__What needs to be done__
Check each line of the listing below for the string "Creator", and copy the ones that have it.
Provided records section start
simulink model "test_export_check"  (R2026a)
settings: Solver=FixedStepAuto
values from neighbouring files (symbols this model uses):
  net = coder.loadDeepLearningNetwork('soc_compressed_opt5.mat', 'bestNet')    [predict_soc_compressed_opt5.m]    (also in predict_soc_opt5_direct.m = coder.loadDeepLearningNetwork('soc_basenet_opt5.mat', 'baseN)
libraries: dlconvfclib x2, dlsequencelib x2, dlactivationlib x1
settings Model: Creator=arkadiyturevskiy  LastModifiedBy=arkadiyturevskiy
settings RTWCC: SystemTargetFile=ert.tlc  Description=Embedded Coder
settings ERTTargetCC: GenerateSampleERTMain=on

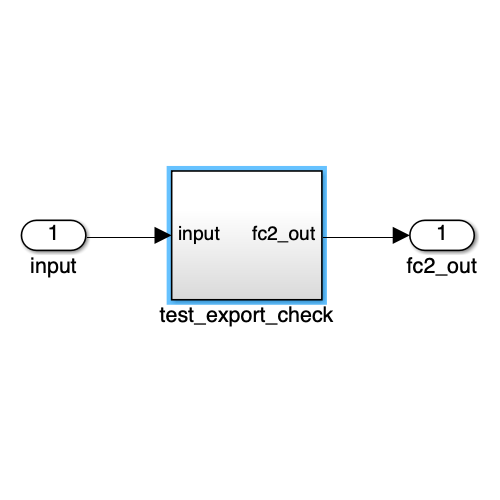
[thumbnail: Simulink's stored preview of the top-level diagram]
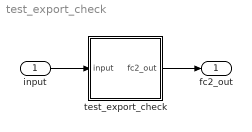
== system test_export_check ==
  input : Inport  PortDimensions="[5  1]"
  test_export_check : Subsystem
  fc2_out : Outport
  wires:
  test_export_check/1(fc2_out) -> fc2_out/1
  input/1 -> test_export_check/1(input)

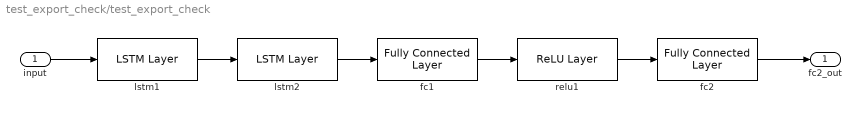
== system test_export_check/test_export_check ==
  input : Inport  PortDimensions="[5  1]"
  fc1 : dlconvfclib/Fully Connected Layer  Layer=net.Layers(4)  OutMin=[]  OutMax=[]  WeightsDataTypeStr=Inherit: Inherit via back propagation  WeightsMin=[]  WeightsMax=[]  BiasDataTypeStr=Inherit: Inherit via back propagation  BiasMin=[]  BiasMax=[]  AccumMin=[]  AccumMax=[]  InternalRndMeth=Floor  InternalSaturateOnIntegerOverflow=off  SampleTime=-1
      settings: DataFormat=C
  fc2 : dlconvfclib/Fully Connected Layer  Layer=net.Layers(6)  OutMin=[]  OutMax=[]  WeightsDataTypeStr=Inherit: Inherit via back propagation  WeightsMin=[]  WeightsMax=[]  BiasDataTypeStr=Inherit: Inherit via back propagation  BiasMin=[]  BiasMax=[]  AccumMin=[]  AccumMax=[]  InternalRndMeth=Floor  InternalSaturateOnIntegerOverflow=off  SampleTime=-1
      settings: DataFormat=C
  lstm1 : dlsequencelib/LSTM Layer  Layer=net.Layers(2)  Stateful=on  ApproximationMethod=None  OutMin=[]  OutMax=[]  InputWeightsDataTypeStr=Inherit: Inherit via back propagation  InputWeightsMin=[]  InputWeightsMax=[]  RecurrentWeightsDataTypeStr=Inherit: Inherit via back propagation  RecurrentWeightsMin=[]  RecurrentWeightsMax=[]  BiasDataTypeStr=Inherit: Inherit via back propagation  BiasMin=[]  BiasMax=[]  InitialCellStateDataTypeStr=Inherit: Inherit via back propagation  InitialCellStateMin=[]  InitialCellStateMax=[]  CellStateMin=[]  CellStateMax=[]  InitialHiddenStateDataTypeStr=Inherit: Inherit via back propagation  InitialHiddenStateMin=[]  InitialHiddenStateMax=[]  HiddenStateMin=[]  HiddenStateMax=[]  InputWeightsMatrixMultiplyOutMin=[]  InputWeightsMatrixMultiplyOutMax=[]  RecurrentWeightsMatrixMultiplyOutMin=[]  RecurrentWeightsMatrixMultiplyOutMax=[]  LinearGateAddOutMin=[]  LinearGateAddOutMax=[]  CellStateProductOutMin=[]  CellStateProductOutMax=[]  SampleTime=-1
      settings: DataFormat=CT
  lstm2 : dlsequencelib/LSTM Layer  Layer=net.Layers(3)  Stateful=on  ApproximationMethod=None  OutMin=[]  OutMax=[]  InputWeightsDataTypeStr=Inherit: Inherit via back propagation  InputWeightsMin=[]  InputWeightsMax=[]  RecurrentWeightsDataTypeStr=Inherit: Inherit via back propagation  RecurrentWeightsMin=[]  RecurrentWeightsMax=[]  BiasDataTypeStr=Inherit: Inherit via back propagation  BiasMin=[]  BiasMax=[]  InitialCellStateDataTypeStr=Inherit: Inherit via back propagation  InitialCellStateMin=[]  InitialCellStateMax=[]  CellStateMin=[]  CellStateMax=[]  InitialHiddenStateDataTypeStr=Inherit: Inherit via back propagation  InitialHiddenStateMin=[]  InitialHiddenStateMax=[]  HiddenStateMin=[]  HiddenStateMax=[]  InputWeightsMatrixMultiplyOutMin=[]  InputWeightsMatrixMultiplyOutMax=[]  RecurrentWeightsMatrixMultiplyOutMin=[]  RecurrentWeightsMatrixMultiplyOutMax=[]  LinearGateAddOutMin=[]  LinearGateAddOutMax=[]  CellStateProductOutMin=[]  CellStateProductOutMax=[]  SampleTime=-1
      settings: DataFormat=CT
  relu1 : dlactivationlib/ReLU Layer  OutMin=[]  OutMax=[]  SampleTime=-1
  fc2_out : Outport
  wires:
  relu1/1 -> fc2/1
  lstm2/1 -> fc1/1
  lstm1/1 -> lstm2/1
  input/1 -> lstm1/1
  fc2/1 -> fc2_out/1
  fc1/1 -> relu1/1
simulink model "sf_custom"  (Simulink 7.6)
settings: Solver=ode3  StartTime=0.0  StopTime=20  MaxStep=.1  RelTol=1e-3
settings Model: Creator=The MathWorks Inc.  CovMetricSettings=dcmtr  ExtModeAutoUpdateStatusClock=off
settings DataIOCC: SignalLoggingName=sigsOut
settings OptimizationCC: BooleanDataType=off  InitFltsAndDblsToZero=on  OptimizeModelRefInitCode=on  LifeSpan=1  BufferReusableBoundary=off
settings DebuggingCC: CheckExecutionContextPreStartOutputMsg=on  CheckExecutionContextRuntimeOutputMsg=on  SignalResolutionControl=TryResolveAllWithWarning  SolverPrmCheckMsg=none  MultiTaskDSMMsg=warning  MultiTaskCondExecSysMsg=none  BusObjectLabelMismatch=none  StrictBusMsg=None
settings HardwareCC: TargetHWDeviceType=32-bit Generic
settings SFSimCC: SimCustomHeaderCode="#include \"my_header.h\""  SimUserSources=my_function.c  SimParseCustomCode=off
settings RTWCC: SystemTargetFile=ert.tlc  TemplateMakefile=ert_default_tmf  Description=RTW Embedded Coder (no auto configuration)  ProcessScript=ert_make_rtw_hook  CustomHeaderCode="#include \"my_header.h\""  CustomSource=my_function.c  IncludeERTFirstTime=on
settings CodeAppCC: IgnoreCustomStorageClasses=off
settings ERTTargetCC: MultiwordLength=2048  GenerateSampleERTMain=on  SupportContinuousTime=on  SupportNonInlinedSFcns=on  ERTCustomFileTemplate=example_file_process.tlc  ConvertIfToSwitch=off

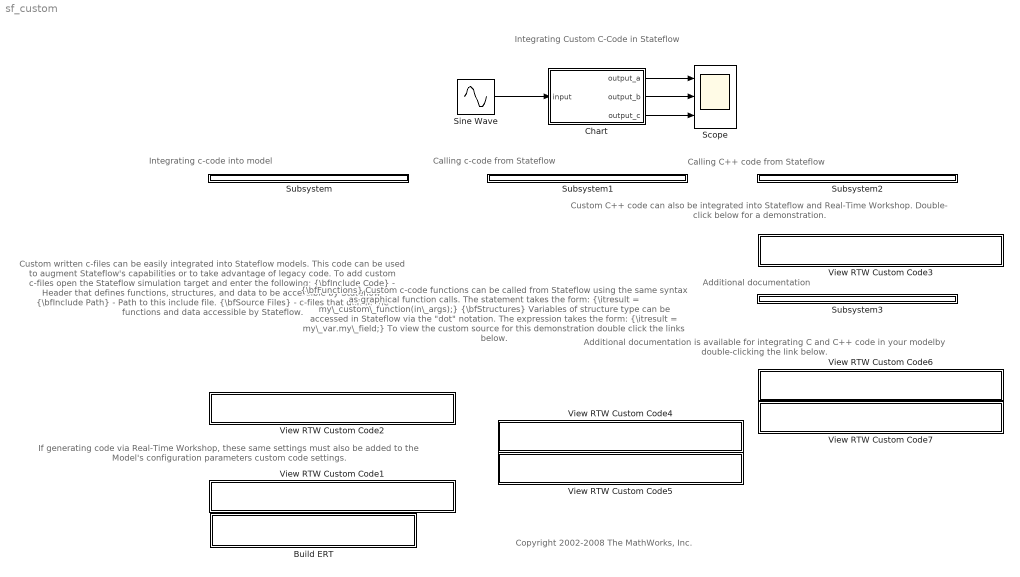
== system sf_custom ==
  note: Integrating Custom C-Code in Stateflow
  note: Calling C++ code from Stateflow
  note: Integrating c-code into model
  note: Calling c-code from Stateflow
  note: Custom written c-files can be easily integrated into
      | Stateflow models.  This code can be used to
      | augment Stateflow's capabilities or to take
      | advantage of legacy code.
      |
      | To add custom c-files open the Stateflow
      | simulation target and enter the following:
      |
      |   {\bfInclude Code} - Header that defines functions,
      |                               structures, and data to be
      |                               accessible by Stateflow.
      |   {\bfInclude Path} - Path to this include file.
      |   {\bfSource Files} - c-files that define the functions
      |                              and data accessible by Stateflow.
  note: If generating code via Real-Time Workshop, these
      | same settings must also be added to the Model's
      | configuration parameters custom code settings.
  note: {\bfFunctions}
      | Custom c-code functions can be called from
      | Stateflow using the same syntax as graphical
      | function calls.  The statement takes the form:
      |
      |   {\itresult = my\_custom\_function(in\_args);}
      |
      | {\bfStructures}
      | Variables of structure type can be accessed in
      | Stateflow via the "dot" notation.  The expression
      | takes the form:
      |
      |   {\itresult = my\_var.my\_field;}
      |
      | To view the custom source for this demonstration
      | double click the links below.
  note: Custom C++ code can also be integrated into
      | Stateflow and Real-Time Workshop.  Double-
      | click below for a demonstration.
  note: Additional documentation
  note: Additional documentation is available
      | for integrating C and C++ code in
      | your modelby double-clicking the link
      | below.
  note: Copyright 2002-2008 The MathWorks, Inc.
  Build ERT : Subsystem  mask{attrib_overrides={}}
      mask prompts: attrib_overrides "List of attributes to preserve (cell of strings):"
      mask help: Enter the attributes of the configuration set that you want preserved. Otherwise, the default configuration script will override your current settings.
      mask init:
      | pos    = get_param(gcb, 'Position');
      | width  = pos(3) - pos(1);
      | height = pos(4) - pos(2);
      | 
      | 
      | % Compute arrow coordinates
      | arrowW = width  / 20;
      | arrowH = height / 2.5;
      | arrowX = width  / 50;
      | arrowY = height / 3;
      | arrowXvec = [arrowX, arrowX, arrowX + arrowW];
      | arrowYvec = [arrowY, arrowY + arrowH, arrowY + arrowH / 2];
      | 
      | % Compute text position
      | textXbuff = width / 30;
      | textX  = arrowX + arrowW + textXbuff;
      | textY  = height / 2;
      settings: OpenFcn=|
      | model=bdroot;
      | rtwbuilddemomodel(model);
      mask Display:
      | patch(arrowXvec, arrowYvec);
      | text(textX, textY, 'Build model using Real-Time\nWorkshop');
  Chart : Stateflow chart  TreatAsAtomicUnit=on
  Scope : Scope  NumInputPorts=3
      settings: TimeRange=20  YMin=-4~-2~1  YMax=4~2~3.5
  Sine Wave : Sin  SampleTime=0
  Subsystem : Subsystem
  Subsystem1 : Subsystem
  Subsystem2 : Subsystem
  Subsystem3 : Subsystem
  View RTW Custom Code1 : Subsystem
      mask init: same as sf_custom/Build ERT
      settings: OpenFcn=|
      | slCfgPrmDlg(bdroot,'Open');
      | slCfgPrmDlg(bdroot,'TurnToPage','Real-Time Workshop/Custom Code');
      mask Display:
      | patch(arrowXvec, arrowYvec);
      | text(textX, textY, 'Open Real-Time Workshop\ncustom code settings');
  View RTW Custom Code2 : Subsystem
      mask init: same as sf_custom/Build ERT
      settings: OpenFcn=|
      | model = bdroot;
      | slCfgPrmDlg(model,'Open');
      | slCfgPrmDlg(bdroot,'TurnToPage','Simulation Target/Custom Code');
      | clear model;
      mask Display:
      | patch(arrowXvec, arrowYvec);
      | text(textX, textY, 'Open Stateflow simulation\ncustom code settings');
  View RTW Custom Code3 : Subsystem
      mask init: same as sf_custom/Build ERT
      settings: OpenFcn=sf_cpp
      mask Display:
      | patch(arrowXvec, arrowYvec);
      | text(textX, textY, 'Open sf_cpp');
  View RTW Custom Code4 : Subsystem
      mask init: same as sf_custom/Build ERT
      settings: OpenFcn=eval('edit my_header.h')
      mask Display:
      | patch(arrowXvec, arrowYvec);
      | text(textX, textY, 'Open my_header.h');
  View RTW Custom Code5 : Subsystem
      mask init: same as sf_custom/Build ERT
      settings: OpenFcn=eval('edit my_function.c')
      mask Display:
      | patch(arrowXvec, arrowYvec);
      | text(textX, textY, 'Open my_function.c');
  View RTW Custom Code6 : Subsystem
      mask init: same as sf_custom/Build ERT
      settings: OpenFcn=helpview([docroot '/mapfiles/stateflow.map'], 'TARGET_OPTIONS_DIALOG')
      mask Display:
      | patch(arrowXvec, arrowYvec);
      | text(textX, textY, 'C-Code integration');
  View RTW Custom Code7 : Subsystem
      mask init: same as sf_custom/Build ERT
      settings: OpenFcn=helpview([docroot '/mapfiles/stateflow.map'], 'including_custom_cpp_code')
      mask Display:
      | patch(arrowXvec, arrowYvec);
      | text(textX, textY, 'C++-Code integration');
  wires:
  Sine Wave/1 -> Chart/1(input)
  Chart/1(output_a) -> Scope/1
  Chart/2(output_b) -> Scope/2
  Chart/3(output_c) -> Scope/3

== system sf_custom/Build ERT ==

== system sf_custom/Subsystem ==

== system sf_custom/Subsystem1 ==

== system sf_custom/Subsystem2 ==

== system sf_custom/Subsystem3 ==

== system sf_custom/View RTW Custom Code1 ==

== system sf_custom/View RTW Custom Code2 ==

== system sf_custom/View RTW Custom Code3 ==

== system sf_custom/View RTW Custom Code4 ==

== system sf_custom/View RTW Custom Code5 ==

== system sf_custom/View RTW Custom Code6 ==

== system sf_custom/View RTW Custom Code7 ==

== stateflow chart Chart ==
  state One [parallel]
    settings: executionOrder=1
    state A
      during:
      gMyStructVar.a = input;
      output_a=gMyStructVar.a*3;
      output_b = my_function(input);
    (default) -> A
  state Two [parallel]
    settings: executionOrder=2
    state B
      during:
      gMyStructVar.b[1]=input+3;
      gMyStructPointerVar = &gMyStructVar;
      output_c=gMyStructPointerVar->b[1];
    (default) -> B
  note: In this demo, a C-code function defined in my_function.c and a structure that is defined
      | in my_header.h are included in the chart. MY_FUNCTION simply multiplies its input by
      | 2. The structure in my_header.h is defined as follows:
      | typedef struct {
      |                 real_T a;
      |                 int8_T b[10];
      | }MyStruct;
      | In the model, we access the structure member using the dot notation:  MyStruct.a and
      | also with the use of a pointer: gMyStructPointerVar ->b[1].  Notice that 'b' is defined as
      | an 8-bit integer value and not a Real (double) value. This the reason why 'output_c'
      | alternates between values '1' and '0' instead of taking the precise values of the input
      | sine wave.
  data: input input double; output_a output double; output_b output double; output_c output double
Provided records section end
__Response to this exercise__
settings Model: Creator=arkadiyturevskiy  LastModifiedBy=arkadiyturevskiy
settings Model: Creator=The MathWorks Inc.  CovMetricSettings=dcmtr  ExtModeAutoUpdateStatusClock=off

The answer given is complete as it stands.